**YOUR INSTRUCTIONS**
Please retype the records below exactly, omitting any images.
------------------------------------------------------------
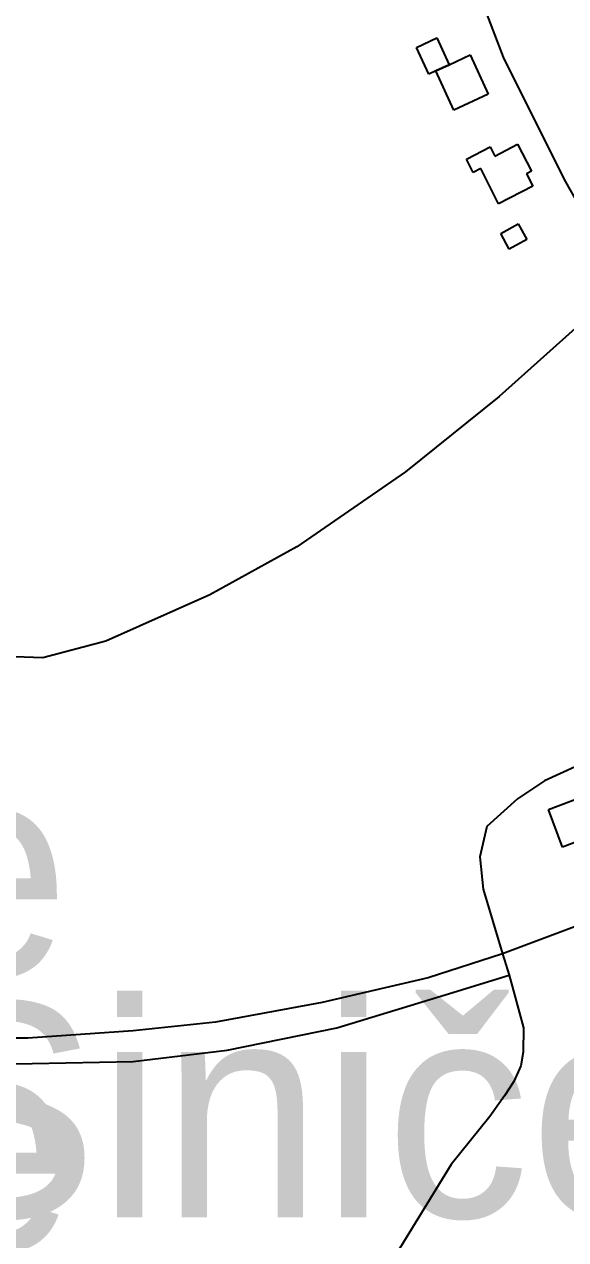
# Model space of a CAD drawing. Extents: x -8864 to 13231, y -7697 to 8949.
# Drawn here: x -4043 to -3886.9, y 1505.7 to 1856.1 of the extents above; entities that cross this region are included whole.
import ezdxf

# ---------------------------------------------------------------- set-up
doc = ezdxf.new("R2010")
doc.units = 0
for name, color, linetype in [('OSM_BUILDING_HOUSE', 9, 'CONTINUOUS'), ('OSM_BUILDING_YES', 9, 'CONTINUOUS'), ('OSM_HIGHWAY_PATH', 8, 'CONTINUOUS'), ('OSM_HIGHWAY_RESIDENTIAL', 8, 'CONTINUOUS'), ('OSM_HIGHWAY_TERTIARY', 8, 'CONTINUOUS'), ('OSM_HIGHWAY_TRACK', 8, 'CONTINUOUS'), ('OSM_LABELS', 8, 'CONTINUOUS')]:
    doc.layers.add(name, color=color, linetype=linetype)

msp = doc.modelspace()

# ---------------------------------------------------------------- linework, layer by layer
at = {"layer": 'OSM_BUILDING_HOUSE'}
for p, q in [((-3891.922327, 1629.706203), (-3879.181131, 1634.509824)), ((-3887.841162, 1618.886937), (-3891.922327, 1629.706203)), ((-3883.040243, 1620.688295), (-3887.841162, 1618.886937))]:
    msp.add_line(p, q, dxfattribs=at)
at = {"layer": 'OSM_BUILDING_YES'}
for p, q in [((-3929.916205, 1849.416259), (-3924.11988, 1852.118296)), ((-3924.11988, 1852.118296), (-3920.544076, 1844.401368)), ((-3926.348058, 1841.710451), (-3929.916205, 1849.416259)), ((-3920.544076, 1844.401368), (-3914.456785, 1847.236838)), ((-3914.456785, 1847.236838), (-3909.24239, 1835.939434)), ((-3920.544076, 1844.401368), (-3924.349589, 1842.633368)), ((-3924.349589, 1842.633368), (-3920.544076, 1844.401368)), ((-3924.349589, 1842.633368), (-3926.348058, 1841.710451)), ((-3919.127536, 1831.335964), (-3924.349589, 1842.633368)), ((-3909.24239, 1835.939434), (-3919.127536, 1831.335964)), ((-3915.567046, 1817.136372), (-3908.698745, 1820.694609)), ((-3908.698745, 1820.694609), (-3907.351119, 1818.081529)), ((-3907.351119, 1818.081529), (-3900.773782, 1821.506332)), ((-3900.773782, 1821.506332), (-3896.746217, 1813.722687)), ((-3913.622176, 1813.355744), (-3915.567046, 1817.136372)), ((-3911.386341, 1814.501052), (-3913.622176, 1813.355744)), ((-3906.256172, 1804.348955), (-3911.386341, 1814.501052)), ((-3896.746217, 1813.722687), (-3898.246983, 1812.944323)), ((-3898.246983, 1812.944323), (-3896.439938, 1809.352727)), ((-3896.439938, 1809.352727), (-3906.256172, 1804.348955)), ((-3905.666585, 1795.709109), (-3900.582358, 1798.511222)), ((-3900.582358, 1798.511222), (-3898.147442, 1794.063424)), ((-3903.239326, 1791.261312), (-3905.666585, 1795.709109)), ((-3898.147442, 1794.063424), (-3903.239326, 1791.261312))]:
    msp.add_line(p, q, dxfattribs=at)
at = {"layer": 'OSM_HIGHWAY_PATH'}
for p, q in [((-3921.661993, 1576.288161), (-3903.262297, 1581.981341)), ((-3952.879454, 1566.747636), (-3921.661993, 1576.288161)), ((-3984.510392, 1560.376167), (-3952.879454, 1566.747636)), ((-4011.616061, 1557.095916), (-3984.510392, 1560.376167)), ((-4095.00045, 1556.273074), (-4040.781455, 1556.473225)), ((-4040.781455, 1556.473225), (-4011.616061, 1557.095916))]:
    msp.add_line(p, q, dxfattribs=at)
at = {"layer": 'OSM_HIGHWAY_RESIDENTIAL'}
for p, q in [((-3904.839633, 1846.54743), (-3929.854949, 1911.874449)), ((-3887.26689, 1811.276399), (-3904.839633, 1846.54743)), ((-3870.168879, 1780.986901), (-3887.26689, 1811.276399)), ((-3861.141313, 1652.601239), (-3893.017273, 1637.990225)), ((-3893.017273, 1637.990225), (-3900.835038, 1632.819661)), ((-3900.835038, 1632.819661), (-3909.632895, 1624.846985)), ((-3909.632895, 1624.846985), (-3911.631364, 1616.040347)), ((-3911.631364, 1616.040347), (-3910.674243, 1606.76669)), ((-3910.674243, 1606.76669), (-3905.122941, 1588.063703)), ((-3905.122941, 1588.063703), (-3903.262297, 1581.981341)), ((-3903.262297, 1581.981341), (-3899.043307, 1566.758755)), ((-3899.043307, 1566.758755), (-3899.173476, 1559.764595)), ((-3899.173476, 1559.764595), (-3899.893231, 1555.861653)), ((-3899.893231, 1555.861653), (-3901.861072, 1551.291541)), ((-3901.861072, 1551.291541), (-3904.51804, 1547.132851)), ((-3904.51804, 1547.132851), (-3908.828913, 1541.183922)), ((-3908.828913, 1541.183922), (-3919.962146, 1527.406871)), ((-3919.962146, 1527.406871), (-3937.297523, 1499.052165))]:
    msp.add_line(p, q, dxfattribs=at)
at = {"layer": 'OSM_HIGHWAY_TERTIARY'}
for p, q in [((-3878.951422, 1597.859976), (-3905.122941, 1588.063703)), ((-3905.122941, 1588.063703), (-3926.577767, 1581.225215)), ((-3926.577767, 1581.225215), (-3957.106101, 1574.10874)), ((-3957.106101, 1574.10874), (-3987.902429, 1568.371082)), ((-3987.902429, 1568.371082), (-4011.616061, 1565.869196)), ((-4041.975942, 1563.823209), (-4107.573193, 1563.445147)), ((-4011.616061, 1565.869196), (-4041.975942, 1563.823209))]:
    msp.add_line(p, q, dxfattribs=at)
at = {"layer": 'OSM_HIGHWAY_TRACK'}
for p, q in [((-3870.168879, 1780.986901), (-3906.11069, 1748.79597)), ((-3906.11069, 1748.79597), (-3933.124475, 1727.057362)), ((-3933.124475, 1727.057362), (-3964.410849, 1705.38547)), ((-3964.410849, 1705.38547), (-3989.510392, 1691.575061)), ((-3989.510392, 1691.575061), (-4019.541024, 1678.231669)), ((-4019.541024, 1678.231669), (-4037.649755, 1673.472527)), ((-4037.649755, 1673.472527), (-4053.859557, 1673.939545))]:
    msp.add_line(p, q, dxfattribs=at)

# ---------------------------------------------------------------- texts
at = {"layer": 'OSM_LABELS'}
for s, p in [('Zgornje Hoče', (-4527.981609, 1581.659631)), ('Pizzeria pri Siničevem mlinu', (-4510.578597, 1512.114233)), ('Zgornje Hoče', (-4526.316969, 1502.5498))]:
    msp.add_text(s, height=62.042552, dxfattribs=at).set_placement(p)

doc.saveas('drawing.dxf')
------------------------------------------------------------
**EXERCISE RESPONSE**
# Model space of a CAD drawing. Extents: x -8864 to 13231, y -7697 to 8949.
# Drawn here: x -4043 to -3886.9, y 1505.7 to 1856.1 of the extents above; entities that cross this region are included whole.
import ezdxf

# ---------------------------------------------------------------- set-up
doc = ezdxf.new("R2010")
doc.units = 0
for name, color, linetype in [('OSM_BUILDING_HOUSE', 9, 'CONTINUOUS'), ('OSM_BUILDING_YES', 9, 'CONTINUOUS'), ('OSM_HIGHWAY_PATH', 8, 'CONTINUOUS'), ('OSM_HIGHWAY_RESIDENTIAL', 8, 'CONTINUOUS'), ('OSM_HIGHWAY_TERTIARY', 8, 'CONTINUOUS'), ('OSM_HIGHWAY_TRACK', 8, 'CONTINUOUS'), ('OSM_LABELS', 8, 'CONTINUOUS')]:
    doc.layers.add(name, color=color, linetype=linetype)

msp = doc.modelspace()

# ---------------------------------------------------------------- linework, layer by layer
at = {"layer": 'OSM_BUILDING_HOUSE'}
for p, q in [((-3891.922327, 1629.706203), (-3879.181131, 1634.509824)), ((-3887.841162, 1618.886937), (-3891.922327, 1629.706203)), ((-3883.040243, 1620.688295), (-3887.841162, 1618.886937))]:
    msp.add_line(p, q, dxfattribs=at)
at = {"layer": 'OSM_BUILDING_YES'}
for p, q in [((-3929.916205, 1849.416259), (-3924.11988, 1852.118296)), ((-3924.11988, 1852.118296), (-3920.544076, 1844.401368)), ((-3926.348058, 1841.710451), (-3929.916205, 1849.416259)), ((-3920.544076, 1844.401368), (-3914.456785, 1847.236838)), ((-3914.456785, 1847.236838), (-3909.24239, 1835.939434)), ((-3920.544076, 1844.401368), (-3924.349589, 1842.633368)), ((-3924.349589, 1842.633368), (-3920.544076, 1844.401368)), ((-3924.349589, 1842.633368), (-3926.348058, 1841.710451)), ((-3919.127536, 1831.335964), (-3924.349589, 1842.633368)), ((-3909.24239, 1835.939434), (-3919.127536, 1831.335964)), ((-3915.567046, 1817.136372), (-3908.698745, 1820.694609)), ((-3908.698745, 1820.694609), (-3907.351119, 1818.081529)), ((-3907.351119, 1818.081529), (-3900.773782, 1821.506332)), ((-3900.773782, 1821.506332), (-3896.746217, 1813.722687)), ((-3913.622176, 1813.355744), (-3915.567046, 1817.136372)), ((-3911.386341, 1814.501052), (-3913.622176, 1813.355744)), ((-3906.256172, 1804.348955), (-3911.386341, 1814.501052)), ((-3896.746217, 1813.722687), (-3898.246983, 1812.944323)), ((-3898.246983, 1812.944323), (-3896.439938, 1809.352727)), ((-3896.439938, 1809.352727), (-3906.256172, 1804.348955)), ((-3905.666585, 1795.709109), (-3900.582358, 1798.511222)), ((-3900.582358, 1798.511222), (-3898.147442, 1794.063424)), ((-3903.239326, 1791.261312), (-3905.666585, 1795.709109)), ((-3898.147442, 1794.063424), (-3903.239326, 1791.261312))]:
    msp.add_line(p, q, dxfattribs=at)
at = {"layer": 'OSM_HIGHWAY_PATH'}
for p, q in [((-3921.661993, 1576.288161), (-3903.262297, 1581.981341)), ((-3952.879454, 1566.747636), (-3921.661993, 1576.288161)), ((-3984.510392, 1560.376167), (-3952.879454, 1566.747636)), ((-4011.616061, 1557.095916), (-3984.510392, 1560.376167)), ((-4095.00045, 1556.273074), (-4040.781455, 1556.473225)), ((-4040.781455, 1556.473225), (-4011.616061, 1557.095916))]:
    msp.add_line(p, q, dxfattribs=at)
at = {"layer": 'OSM_HIGHWAY_RESIDENTIAL'}
for p, q in [((-3904.839633, 1846.54743), (-3929.854949, 1911.874449)), ((-3887.26689, 1811.276399), (-3904.839633, 1846.54743)), ((-3870.168879, 1780.986901), (-3887.26689, 1811.276399)), ((-3861.141313, 1652.601239), (-3893.017273, 1637.990225)), ((-3893.017273, 1637.990225), (-3900.835038, 1632.819661)), ((-3900.835038, 1632.819661), (-3909.632895, 1624.846985)), ((-3909.632895, 1624.846985), (-3911.631364, 1616.040347)), ((-3911.631364, 1616.040347), (-3910.674243, 1606.76669)), ((-3910.674243, 1606.76669), (-3905.122941, 1588.063703)), ((-3905.122941, 1588.063703), (-3903.262297, 1581.981341)), ((-3903.262297, 1581.981341), (-3899.043307, 1566.758755)), ((-3899.043307, 1566.758755), (-3899.173476, 1559.764595)), ((-3899.173476, 1559.764595), (-3899.893231, 1555.861653)), ((-3899.893231, 1555.861653), (-3901.861072, 1551.291541)), ((-3901.861072, 1551.291541), (-3904.51804, 1547.132851)), ((-3904.51804, 1547.132851), (-3908.828913, 1541.183922)), ((-3908.828913, 1541.183922), (-3919.962146, 1527.406871)), ((-3919.962146, 1527.406871), (-3937.297523, 1499.052165))]:
    msp.add_line(p, q, dxfattribs=at)
at = {"layer": 'OSM_HIGHWAY_TERTIARY'}
for p, q in [((-3878.951422, 1597.859976), (-3905.122941, 1588.063703)), ((-3905.122941, 1588.063703), (-3926.577767, 1581.225215)), ((-3926.577767, 1581.225215), (-3957.106101, 1574.10874)), ((-3957.106101, 1574.10874), (-3987.902429, 1568.371082)), ((-3987.902429, 1568.371082), (-4011.616061, 1565.869196)), ((-4041.975942, 1563.823209), (-4107.573193, 1563.445147)), ((-4011.616061, 1565.869196), (-4041.975942, 1563.823209))]:
    msp.add_line(p, q, dxfattribs=at)
at = {"layer": 'OSM_HIGHWAY_TRACK'}
for p, q in [((-3870.168879, 1780.986901), (-3906.11069, 1748.79597)), ((-3906.11069, 1748.79597), (-3933.124475, 1727.057362)), ((-3933.124475, 1727.057362), (-3964.410849, 1705.38547)), ((-3964.410849, 1705.38547), (-3989.510392, 1691.575061)), ((-3989.510392, 1691.575061), (-4019.541024, 1678.231669)), ((-4019.541024, 1678.231669), (-4037.649755, 1673.472527)), ((-4037.649755, 1673.472527), (-4053.859557, 1673.939545))]:
    msp.add_line(p, q, dxfattribs=at)

# ---------------------------------------------------------------- texts
at = {"layer": 'OSM_LABELS'}
for s, p in [('Zgornje Hoče', (-4527.981609, 1581.659631)), ('Pizzeria pri Siničevem mlinu', (-4510.578597, 1512.114233)), ('Zgornje Hoče', (-4526.316969, 1502.5498))]:
    msp.add_text(s, height=62.042552, dxfattribs=at).set_placement(p)

doc.saveas('drawing.dxf')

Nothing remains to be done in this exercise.